▶ _WORK TO COMPLETE_: Two lines in the data below mark the range: the one with "FILE_NAME('part.step','',(''),(''),'','','');" and the one with "#5=PRODUCT_RELATED_PRODUCT_CATEGORY('part','',(#4));". Return both, along with every line between them, exactly.

▶ _EXERCISE DATA_:
-*-*-

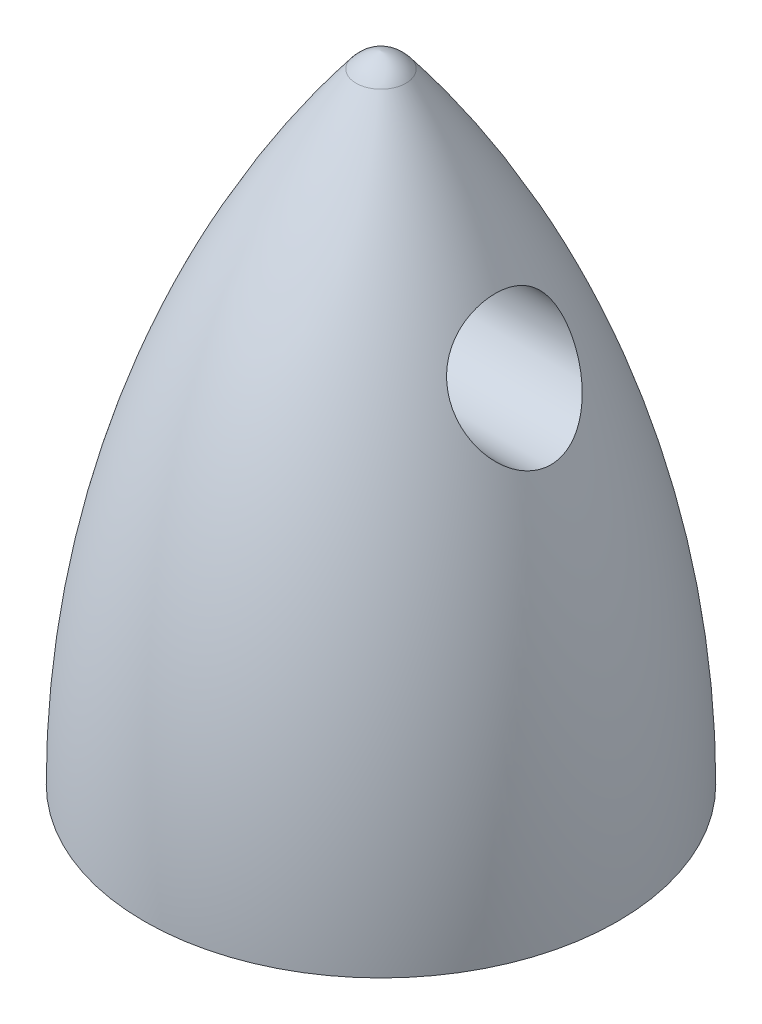
ISO-10303-21;
HEADER;
FILE_DESCRIPTION(('STEP AP214'),'2;1');
FILE_NAME('part.step','',(''),(''),'','','');
FILE_SCHEMA(('AUTOMOTIVE_DESIGN { 1 0 10303 214 1 1 1 1 }'));
ENDSEC;
DATA;
#1=APPLICATION_CONTEXT('core data for automotive mechanical design processes');
#2=APPLICATION_PROTOCOL_DEFINITION('international standard','automotive_design',2000,#1);
#3=PRODUCT_CONTEXT('',#1,'mechanical');
#4=PRODUCT('Part','Part','',(#3));
#5=PRODUCT_RELATED_PRODUCT_CATEGORY('part','',(#4));
#6=PRODUCT_DEFINITION_FORMATION('','',#4);
#7=PRODUCT_DEFINITION_CONTEXT('part definition',#1,'design');
#8=PRODUCT_DEFINITION('design','',#6,#7);
#9=PRODUCT_DEFINITION_SHAPE('','',#8);
#10=(LENGTH_UNIT() NAMED_UNIT(*) SI_UNIT(.MILLI.,.METRE.));
#11=(NAMED_UNIT(*) PLANE_ANGLE_UNIT() SI_UNIT($,.RADIAN.));
#12=(NAMED_UNIT(*) SI_UNIT($,.STERADIAN.) SOLID_ANGLE_UNIT());
#13=UNCERTAINTY_MEASURE_WITH_UNIT(LENGTH_MEASURE(1.E-05),#10,'distance_accuracy_value','');
#14=(GEOMETRIC_REPRESENTATION_CONTEXT(3) GLOBAL_UNCERTAINTY_ASSIGNED_CONTEXT((#13)) GLOBAL_UNIT_ASSIGNED_CONTEXT((#10,
#11,#12)) REPRESENTATION_CONTEXT('',''));
#15=CARTESIAN_POINT('',(0.,0.,0.));
#16=DIRECTION('',(0.,0.,1.));
#17=DIRECTION('',(1.,0.,0.));
#18=AXIS2_PLACEMENT_3D('',#15,#16,#17);
#19=CARTESIAN_POINT('',(0.,0.,0.));
#20=DIRECTION('',(0.,-1.,0.));
#21=DIRECTION('',(0.,0.,-1.));
#22=AXIS2_PLACEMENT_3D('',#19,#20,#21);
#23=PLANE('',#22);
#24=CARTESIAN_POINT('',(0.,0.,0.));
#25=DIRECTION('',(0.,-1.,0.));
#26=DIRECTION('',(0.,0.,-1.));
#27=AXIS2_PLACEMENT_3D('',#24,#25,#26);
#28=CIRCLE('',#27,2.15);
#29=CARTESIAN_POINT('',(0.,0.,-2.15));
#30=VERTEX_POINT('',#29);
#31=EDGE_CURVE('E58',#30,#30,#28,.T.);
#32=ORIENTED_EDGE('',*,*,#31,.F.);
#33=EDGE_LOOP('',(#32));
#34=FACE_BOUND('',#33,.T.);
#35=CARTESIAN_POINT('',(0.,0.,0.));
#36=DIRECTION('',(0.,-1.,0.));
#37=DIRECTION('',(0.,0.,-1.));
#38=AXIS2_PLACEMENT_3D('',#35,#36,#37);
#39=CIRCLE('',#38,5.885);
#40=CARTESIAN_POINT('',(0.,0.,-5.885));
#41=VERTEX_POINT('',#40);
#42=EDGE_CURVE('E11',#41,#41,#39,.T.);
#43=ORIENTED_EDGE('',*,*,#42,.T.);
#44=EDGE_LOOP('',(#43));
#45=FACE_BOUND('',#44,.T.);
#46=ADVANCED_FACE('F32',(#34,#45),#23,.T.);
#47=CARTESIAN_POINT('',(0.,0.,0.));
#48=DIRECTION('',(0.,-1.,0.));
#49=DIRECTION('',(0.,0.,-1.));
#50=AXIS2_PLACEMENT_3D('',#47,#48,#49);
#51=DEGENERATE_TOROIDAL_SURFACE('',#50,19.3065316847898,25.1915316847898,.F.);
#52=CARTESIAN_POINT('',(-4.07867600352532,9.19747835733177,-0.743933888190771));
#53=CARTESIAN_POINT('',(-4.10316096408634,9.16337619378572,-0.684221744823257));
#54=CARTESIAN_POINT('',(-4.12520947988561,9.13292503506764,-0.621353714007004));
#55=CARTESIAN_POINT('',(-4.16323108646472,9.08065249736207,-0.490334116085978));
#56=CARTESIAN_POINT('',(-4.17920116987789,9.05883538994821,-0.422179953634551));
#57=CARTESIAN_POINT('',(-4.20406610141259,9.02494800516699,-0.281866044329947));
#58=CARTESIAN_POINT('',(-4.21292843504046,9.01292251590962,-0.209689486990058));
#59=CARTESIAN_POINT('',(-4.22276882275197,8.9995731963775,-0.0638395543586363));
#60=CARTESIAN_POINT('',(-4.22375097513108,8.99824380331566,0.00983302289806594));
#61=CARTESIAN_POINT('',(-4.21795510955989,9.00610272104289,0.151661339540444));
#62=CARTESIAN_POINT('',(-4.21165704694448,9.01464052018198,0.21987468510746));
#63=CARTESIAN_POINT('',(-4.19251292357338,9.04068249889334,0.353603718210846));
#64=CARTESIAN_POINT('',(-4.17966568683133,9.0581882887836,0.419118918977239));
#65=CARTESIAN_POINT('',(-4.14790204785683,9.1016960969375,0.547185980294814));
#66=CARTESIAN_POINT('',(-4.12887133154672,9.12785832857663,0.60965429880743));
#67=CARTESIAN_POINT('',(-4.08583919052166,9.18744482409502,0.729152200358451));
#68=CARTESIAN_POINT('',(-4.06183590028395,9.22087181367003,0.786179730456463));
#69=CARTESIAN_POINT('',(-4.00629700202252,9.29893154905591,0.901631271372884));
#70=CARTESIAN_POINT('',(-3.97417871692877,9.34447484114224,0.959156594191004));
#71=CARTESIAN_POINT('',(-3.90625943372438,9.44208927890273,1.06586232271081));
#72=CARTESIAN_POINT('',(-3.87045633906133,9.49416414458349,1.11503793503171));
#73=CARTESIAN_POINT('',(-3.78940543142179,9.61405052015377,1.21333653428605));
#74=CARTESIAN_POINT('',(-3.74365259329982,9.68297502211224,1.26068794689814));
#75=CARTESIAN_POINT('',(-3.65055607424376,9.82690673244855,1.34306849941894));
#76=CARTESIAN_POINT('',(-3.60321078929213,9.90192018842973,1.37808478102637));
#77=CARTESIAN_POINT('',(-3.50168836698446,10.068244981916,1.43964294373208));
#78=CARTESIAN_POINT('',(-3.44753563214687,10.1603265712828,1.46416764584024));
#79=CARTESIAN_POINT('',(-3.34214063965018,10.3490764446984,1.49544628380621));
#80=CARTESIAN_POINT('',(-3.2908966349464,10.4457419101387,1.50221099958814));
#81=CARTESIAN_POINT('',(-3.20280847307777,10.6239562348303,1.49703021401217));
#82=CARTESIAN_POINT('',(-3.16502555743147,10.7051290947191,1.48820417916603));
#83=CARTESIAN_POINT('',(-3.09499855378894,10.8671807920999,1.45670013481504));
#84=CARTESIAN_POINT('',(-3.06274941413116,10.948059831068,1.43403484596608));
#85=CARTESIAN_POINT('',(-3.00494589979903,11.1074789760883,1.37413858283396));
#86=CARTESIAN_POINT('',(-2.97943461134473,11.1860013119259,1.33681749015903));
#87=CARTESIAN_POINT('',(-2.93600129011735,11.3368523997322,1.24792941866494));
#88=CARTESIAN_POINT('',(-2.91807642268666,11.4091834569918,1.19636777273414));
#89=CARTESIAN_POINT('',(-2.8907716215305,11.5371358977821,1.0865968203792));
#90=CARTESIAN_POINT('',(-2.88068753655318,11.5937157345685,1.02967074258238));
#91=CARTESIAN_POINT('',(-2.8650013028369,11.6972954113731,0.90714828071225));
#92=CARTESIAN_POINT('',(-2.85939951780298,11.7442944737528,0.841551193554662));
#93=CARTESIAN_POINT('',(-2.85126763654796,11.8271572993692,0.703646458043117));
#94=CARTESIAN_POINT('',(-2.84873298573067,11.8630375146466,0.631348931941654));
#95=CARTESIAN_POINT('',(-2.84536084550055,11.9227584466041,0.481907939849657));
#96=CARTESIAN_POINT('',(-2.84452350264243,11.9465981235061,0.404764055991374));
#97=CARTESIAN_POINT('',(-2.84350754917542,11.9822673006624,0.244663764680707));
#98=CARTESIAN_POINT('',(-2.84335508525681,11.9936077931361,0.161597871834973));
#99=CARTESIAN_POINT('',(-2.84322431228335,12.0023162126035,-0.00526696602945734));
#100=CARTESIAN_POINT('',(-2.84324601938914,11.9996828430245,-0.0890659783508489));
#101=CARTESIAN_POINT('',(-2.84359554047866,11.9804265717437,-0.255823057910294));
#102=CARTESIAN_POINT('',(-2.84392615811545,11.963675676862,-0.338766378948679));
#103=CARTESIAN_POINT('',(-2.84571631790334,11.9164897071733,-0.500666382269633));
#104=CARTESIAN_POINT('',(-2.84717598512007,11.8860531165483,-0.57962262186806));
#105=CARTESIAN_POINT('',(-2.85258600279862,11.8124890797307,-0.731052803455787));
#106=CARTESIAN_POINT('',(-2.8565299070293,11.7693946328124,-0.803542969866909));
#107=CARTESIAN_POINT('',(-2.86853305630185,11.6718838219395,-0.940062350001323));
#108=CARTESIAN_POINT('',(-2.8765905737061,11.617472216652,-1.00409510147567));
#109=CARTESIAN_POINT('',(-2.89798035151245,11.5010626835333,-1.12000846814762));
#110=CARTESIAN_POINT('',(-2.91114897854724,11.4393378135521,-1.17219332472194));
#111=CARTESIAN_POINT('',(-2.94356047990093,11.3094184320958,-1.26539802608353));
#112=CARTESIAN_POINT('',(-2.96280209739623,11.2412252612956,-1.30642017775797));
#113=CARTESIAN_POINT('',(-3.0067910693507,11.1027184238393,-1.37570942075227));
#114=CARTESIAN_POINT('',(-3.03138235481593,11.0325059124612,-1.40428026980406));
#115=CARTESIAN_POINT('',(-3.08570737318429,10.8904413482328,-1.45021939938298));
#116=CARTESIAN_POINT('',(-3.11544318296849,10.8185886434338,-1.46758314207673));
#117=CARTESIAN_POINT('',(-3.18150872949902,10.6693822031469,-1.49247035497996));
#118=CARTESIAN_POINT('',(-3.21817085604258,10.5920335928755,-1.49912715820019));
#119=CARTESIAN_POINT('',(-3.29486622805765,10.4389353261262,-1.50071299280108));
#120=CARTESIAN_POINT('',(-3.33490078965348,10.3631863084625,-1.49563742489165));
#121=CARTESIAN_POINT('',(-3.4236504422854,10.2022291431801,-1.47274368623851));
#122=CARTESIAN_POINT('',(-3.47271741538122,10.1174895216559,-1.45298493468952));
#123=CARTESIAN_POINT('',(-3.57156033925451,9.95288950238072,-1.39934829679951));
#124=CARTESIAN_POINT('',(-3.62133727301914,9.8730368890735,-1.36544852389778));
#125=CARTESIAN_POINT('',(-3.72520063380672,9.71086543313447,-1.27931390721824));
#126=CARTESIAN_POINT('',(-3.77912558304911,9.6293162836698,-1.2254206742326));
#127=CARTESIAN_POINT('',(-3.88223111077582,9.47669046451985,-1.10111964357084));
#128=CARTESIAN_POINT('',(-3.93142670545422,9.40558024366267,-1.03076672720061));
#129=CARTESIAN_POINT('',(-3.99510959622012,9.31485852439947,-0.920422325540583));
#130=CARTESIAN_POINT('',(-4.01298722997574,9.28956428565469,-0.886922912474289));
#131=CARTESIAN_POINT('',(-4.04711941554365,9.24153034837852,-0.817338304048933));
#132=CARTESIAN_POINT('',(-4.0633735381615,9.21879132515111,-0.78125242923575));
#133=CARTESIAN_POINT('',(-4.07867600352532,9.19747835733177,-0.743933888190771));
#134=B_SPLINE_CURVE_WITH_KNOTS('',3,(#52,#53,#54,#55,#56,#57,#58,#59,#60,#61,#62,#63,#64,#65,
#66,#67,#68,#69,#70,#71,#72,#73,#74,#75,#76,#77,#78,#79,#80,#81,#82,#83,#84,#85,#86,#87,#88,#89,
#90,#91,#92,#93,#94,#95,#96,#97,#98,#99,#100,#101,#102,#103,#104,#105,#106,#107,#108,#109,#110,
#111,#112,#113,#114,#115,#116,#117,#118,#119,#120,#121,#122,#123,#124,#125,#126,#127,#128,#129,
#130,#131,#132,#133),.UNSPECIFIED.,.T.,.F.,(4,2,2,2,2,2,2,2,2,2,2,2,2,2,2,2,2,2,2,2,2,2,2,2,2,2,
2,2,2,2,2,2,2,2,2,2,2,2,2,2,4),(0.,0.218839254919547,0.437786642491433,0.65772998452261,
0.877558931815619,1.08368364952859,1.28984539256373,1.50005879121672,1.71035119731825,
1.94974257198587,2.18927091457702,2.47413465079822,2.75929446004838,3.08659691310562,
3.41370065473653,3.68251208148755,3.95107679545881,4.22131944131746,4.49146102198085,
4.73297943020384,4.97451743384776,5.21569631938678,5.45689602872236,5.70722984937821,
5.95758689780467,6.2102384742135,6.46291804102953,6.71494462726944,6.96686545420626,
7.21131009823704,7.45570418684943,7.69374731604341,7.93188677014858,8.18847737402756,
8.44516858286849,8.74366317299742,9.04262147807825,9.37590840061216,9.70809949983969,
9.84483230704358,9.98160116604606),.UNSPECIFIED.);
#135=CARTESIAN_POINT('',(-4.07867600352532,9.19747835733177,-0.743933888190771));
#136=VERTEX_POINT('',#135);
#137=EDGE_CURVE('E35',#136,#136,#134,.T.);
#138=ORIENTED_EDGE('',*,*,#137,.F.);
#139=EDGE_LOOP('',(#138));
#140=FACE_BOUND('',#139,.T.);
#141=CARTESIAN_POINT('',(2.91040498547842,11.4459166830373,-1.16414845649154));
#142=CARTESIAN_POINT('',(2.89644697417163,11.508154337189,-1.11357149856175));
#143=CARTESIAN_POINT('',(2.88538241165892,11.5667947260889,-1.05759103390144));
#144=CARTESIAN_POINT('',(2.86804402581315,11.674631829051,-0.936401717991965));
#145=CARTESIAN_POINT('',(2.86178084186395,11.7238073905773,-0.871172749486935));
#146=CARTESIAN_POINT('',(2.85262136078675,11.8108940978612,-0.733597768791717));
#147=CARTESIAN_POINT('',(2.84971697798942,11.8488321311849,-0.661269305015449));
#148=CARTESIAN_POINT('',(2.84581754562233,11.9124745176987,-0.51141376769695));
#149=CARTESIAN_POINT('',(2.84482184564894,11.9381830359778,-0.43388847435207));
#150=CARTESIAN_POINT('',(2.8436096145663,11.9771635911543,-0.273754023859458));
#151=CARTESIAN_POINT('',(2.84341268679988,11.9901168915563,-0.191066977743734));
#152=CARTESIAN_POINT('',(2.84322348146508,12.0021149919319,-0.0246837019176579));
#153=CARTESIAN_POINT('',(2.84323122681959,12.0011582340184,0.0590126397820777));
#154=CARTESIAN_POINT('',(2.84349956491676,11.9852744822086,0.22597931494602));
#155=CARTESIAN_POINT('',(2.84376286956917,11.9701977116914,0.30923544334658));
#156=CARTESIAN_POINT('',(2.8452876286829,11.9262840483868,0.472041340893657));
#157=CARTESIAN_POINT('',(2.84654921054937,11.897445399426,0.551590635583216));
#158=CARTESIAN_POINT('',(2.85138042022493,11.8269196837738,0.704528357384455));
#159=CARTESIAN_POINT('',(2.85494566847234,11.7852570755894,0.777928176930204));
#160=CARTESIAN_POINT('',(2.86600029217095,11.6903995229151,0.916511084547573));
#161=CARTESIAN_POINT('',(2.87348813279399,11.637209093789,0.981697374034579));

-*-*-

▶ _OUTPUT FOR THIS TASK_:
FILE_NAME('part.step','',(''),(''),'','','');
FILE_SCHEMA(('AUTOMOTIVE_DESIGN { 1 0 10303 214 1 1 1 1 }'));
ENDSEC;
DATA;
#1=APPLICATION_CONTEXT('core data for automotive mechanical design processes');
#2=APPLICATION_PROTOCOL_DEFINITION('international standard','automotive_design',2000,#1);
#3=PRODUCT_CONTEXT('',#1,'mechanical');
#4=PRODUCT('Part','Part','',(#3));
#5=PRODUCT_RELATED_PRODUCT_CATEGORY('part','',(#4));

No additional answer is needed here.